Someone brought this to be attention recently, that I had a lot of posts addressing dating and marriage and wants for men and women, but that I hadn’t talked about remaining single. I full heartedly believe there is a large calling for some of us to remain single. Although the notion of “being alone” scares many of us today it was consider a blessing in the bible. In 1 Corinthians 7 Paul says, “ I say this as a concession, not as a command. 7 I wish that all of you were as I am. But each of you has your own gift from God; one has this gift, another has that.8 Now to the unmarriedand the widows I say: It is good for them to stay unmarried, as I do. 9 But if they cannot control themselves, they should marry, for it is better to marry than to burn with passion.
Paul knew that being married had its own burdens as far as ministering goes, it is a lot harder to put God first when you have a marriage to worry about and kids to take care of. Paul continues in 1 Corinthians 7:32-35, “I want you to be free from anxieties. The unmarried man is anxious about the things of the Lord, how to please the Lord. But the married man is anxious about worldly things, how to please his wife, and his interests are divided. And the unmarried or betrothed woman is anxious about the things of the Lord, how to be holy in body and spirit. But the married woman is anxious about worldly things, how to please her husband. I say this for your own benefit, not to lay any restraint upon you, but to promote good order and to secure your undivided devotion to the Lord.” It is not a sin to remain single, even for your entire life.

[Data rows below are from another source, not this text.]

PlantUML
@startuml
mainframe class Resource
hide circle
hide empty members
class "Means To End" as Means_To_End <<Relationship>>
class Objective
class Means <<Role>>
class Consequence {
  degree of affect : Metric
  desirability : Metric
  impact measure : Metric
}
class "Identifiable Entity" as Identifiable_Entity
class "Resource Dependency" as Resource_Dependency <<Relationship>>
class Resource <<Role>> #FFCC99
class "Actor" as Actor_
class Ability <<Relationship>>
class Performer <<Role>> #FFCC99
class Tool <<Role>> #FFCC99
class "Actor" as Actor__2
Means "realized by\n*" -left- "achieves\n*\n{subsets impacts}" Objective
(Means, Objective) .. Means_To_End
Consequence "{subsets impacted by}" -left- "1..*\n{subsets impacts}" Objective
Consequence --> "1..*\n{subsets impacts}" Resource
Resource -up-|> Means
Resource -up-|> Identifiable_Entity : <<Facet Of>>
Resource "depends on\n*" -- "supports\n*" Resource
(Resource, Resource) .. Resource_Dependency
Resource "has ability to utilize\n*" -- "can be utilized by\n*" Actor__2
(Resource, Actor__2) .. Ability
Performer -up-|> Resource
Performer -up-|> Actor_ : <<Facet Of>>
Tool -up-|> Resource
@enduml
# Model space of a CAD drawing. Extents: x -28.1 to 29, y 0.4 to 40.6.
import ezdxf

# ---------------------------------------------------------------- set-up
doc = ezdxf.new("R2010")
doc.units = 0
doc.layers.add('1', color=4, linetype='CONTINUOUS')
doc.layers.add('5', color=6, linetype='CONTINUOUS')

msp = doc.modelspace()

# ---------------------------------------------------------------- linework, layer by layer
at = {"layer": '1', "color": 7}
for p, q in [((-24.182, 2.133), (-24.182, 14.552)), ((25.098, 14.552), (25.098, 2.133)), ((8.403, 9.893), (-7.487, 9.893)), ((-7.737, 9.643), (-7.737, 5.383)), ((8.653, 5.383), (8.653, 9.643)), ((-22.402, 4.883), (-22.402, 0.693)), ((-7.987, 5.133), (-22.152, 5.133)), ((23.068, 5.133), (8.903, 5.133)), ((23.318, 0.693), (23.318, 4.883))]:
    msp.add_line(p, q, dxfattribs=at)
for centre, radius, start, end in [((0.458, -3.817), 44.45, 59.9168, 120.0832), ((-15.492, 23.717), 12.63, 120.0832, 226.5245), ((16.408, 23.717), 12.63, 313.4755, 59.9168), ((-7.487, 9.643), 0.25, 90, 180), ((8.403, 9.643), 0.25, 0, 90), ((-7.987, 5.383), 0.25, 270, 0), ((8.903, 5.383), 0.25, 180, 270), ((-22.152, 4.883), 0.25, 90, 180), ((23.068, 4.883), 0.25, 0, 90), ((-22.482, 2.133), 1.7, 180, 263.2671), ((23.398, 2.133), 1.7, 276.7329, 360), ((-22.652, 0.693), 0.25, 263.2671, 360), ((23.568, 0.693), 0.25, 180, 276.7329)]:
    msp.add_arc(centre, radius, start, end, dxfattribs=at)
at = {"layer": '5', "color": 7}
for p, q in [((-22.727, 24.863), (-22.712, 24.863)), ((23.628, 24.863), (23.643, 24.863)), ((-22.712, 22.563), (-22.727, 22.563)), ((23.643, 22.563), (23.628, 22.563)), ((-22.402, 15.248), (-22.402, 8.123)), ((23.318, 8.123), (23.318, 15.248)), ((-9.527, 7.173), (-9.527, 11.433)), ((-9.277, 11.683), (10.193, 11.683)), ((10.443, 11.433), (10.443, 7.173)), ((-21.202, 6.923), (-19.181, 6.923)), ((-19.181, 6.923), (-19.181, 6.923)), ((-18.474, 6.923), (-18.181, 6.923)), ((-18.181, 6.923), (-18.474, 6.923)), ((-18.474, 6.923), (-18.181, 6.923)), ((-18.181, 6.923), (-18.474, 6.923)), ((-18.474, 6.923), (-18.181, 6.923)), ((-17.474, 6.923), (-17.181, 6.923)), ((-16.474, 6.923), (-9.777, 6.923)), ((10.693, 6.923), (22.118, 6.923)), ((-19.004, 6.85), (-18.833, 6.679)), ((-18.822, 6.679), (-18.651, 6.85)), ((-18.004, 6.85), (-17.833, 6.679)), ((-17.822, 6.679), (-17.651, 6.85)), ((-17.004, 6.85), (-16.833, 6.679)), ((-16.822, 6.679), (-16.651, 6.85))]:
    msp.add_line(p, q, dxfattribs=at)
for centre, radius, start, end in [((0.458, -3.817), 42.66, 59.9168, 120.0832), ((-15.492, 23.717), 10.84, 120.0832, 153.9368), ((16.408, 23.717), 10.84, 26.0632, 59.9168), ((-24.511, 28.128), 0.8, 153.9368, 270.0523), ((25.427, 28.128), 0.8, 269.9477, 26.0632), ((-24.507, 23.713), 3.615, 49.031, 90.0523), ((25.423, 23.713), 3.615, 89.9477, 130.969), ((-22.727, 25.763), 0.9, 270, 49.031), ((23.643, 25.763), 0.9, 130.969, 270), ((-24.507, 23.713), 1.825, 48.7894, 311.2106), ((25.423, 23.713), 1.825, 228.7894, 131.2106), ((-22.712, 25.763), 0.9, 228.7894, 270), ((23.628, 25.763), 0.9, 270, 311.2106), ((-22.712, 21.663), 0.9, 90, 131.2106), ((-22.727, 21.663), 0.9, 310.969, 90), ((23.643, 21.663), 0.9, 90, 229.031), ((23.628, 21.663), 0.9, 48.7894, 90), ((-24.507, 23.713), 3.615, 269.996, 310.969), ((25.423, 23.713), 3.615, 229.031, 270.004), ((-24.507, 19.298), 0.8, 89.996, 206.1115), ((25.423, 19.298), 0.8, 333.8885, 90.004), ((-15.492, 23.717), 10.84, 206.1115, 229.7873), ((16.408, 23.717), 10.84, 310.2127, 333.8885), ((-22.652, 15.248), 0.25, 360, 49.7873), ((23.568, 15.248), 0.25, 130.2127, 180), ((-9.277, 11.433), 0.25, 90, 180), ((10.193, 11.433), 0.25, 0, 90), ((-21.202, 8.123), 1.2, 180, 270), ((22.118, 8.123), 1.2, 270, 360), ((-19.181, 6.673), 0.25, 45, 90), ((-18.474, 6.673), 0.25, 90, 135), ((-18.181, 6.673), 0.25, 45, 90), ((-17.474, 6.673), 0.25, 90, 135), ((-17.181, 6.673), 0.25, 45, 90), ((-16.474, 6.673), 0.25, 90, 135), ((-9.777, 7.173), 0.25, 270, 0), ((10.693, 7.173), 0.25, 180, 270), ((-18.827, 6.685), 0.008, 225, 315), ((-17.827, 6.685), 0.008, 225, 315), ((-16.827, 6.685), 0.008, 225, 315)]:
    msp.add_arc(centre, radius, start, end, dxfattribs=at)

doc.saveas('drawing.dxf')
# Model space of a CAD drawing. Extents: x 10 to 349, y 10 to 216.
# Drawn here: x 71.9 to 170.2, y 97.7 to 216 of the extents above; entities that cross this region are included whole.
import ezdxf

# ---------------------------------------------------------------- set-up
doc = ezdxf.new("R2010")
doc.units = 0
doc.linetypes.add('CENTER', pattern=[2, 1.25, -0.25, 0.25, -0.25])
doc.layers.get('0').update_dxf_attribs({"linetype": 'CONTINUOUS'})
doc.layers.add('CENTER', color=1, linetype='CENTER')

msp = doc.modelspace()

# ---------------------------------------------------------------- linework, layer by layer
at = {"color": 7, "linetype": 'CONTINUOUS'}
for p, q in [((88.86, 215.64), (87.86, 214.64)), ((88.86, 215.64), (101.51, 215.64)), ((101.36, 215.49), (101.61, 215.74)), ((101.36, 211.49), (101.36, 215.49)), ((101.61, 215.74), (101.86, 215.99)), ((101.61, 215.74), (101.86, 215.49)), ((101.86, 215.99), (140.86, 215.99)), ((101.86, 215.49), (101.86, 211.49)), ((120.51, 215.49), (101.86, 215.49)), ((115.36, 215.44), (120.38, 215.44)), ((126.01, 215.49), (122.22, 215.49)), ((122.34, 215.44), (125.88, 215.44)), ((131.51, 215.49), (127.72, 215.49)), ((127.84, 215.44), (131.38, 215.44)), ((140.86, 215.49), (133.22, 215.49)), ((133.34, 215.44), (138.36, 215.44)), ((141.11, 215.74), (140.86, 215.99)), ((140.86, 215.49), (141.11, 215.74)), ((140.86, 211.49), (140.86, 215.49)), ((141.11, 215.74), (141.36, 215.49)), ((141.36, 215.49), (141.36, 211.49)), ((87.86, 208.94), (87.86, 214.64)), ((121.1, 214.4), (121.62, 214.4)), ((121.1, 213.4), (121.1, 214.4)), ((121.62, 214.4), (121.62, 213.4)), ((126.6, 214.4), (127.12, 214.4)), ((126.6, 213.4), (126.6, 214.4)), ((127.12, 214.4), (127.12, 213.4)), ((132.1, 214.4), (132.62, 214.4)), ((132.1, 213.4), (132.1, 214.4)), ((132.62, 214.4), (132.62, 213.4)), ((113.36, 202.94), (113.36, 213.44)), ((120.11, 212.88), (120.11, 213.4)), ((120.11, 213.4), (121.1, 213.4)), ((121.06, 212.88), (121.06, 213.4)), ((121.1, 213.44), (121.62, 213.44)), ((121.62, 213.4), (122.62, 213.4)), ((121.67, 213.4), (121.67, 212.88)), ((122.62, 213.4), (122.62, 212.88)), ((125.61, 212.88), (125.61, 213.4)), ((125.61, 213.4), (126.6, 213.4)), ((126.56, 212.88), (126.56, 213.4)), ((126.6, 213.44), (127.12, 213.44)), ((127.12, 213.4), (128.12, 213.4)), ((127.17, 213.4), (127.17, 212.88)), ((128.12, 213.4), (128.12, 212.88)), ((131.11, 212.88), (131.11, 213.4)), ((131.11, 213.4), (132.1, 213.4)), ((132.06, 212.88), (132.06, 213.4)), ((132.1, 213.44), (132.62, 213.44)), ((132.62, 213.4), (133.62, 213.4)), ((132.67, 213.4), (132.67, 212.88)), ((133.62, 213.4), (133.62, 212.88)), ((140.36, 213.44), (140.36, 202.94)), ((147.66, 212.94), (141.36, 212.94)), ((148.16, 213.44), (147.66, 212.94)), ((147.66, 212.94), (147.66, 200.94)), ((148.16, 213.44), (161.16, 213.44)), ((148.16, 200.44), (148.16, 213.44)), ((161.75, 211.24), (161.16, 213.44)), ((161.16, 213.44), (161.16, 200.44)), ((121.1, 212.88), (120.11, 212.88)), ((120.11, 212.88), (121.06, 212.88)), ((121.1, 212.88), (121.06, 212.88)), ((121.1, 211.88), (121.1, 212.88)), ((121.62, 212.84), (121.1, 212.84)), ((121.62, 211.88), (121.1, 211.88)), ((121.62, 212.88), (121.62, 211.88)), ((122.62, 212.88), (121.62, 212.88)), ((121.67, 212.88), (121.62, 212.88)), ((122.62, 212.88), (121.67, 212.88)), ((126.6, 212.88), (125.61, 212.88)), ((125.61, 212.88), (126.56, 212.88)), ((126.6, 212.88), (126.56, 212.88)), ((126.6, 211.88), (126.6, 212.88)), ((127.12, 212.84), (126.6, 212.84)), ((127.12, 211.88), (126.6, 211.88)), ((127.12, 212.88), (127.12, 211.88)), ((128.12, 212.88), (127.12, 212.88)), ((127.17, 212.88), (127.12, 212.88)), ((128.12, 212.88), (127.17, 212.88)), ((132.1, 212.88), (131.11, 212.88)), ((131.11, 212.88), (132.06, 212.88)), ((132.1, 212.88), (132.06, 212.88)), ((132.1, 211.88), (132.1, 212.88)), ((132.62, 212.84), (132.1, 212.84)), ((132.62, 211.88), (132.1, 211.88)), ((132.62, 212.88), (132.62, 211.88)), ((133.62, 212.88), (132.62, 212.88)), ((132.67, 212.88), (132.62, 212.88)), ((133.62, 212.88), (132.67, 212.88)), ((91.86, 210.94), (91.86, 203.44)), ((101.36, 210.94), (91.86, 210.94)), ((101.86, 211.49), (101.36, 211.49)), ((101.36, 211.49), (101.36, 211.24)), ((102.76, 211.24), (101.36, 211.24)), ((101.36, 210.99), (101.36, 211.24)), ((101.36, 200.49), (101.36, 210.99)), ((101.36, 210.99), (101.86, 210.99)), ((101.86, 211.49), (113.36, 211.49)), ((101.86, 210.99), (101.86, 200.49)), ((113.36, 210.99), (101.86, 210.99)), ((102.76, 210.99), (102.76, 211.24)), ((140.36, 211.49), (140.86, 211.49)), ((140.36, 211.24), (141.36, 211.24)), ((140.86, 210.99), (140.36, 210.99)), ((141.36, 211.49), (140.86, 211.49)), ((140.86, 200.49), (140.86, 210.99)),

The most important thing in life is not finding a mate and having children, but serving God. Some people I believe are called to remain single their whole lives, but what a wonderful calling! To serve God free from restraint, there is so much to be said about that and so much you can do for God’s kingdom.
But remember that Paul mentions here singleness is for those who have the self control to remain from sexual immorality. So if it is an issue for you and you burn with passion or desire is too strong, God has reserved marriage for us although the burdens will be greater in your walk with God. But both lives have their rewards and both lives have their callings to do great things for God’s kingdom. The important thing to remember is God comes first, no matter what life you choose!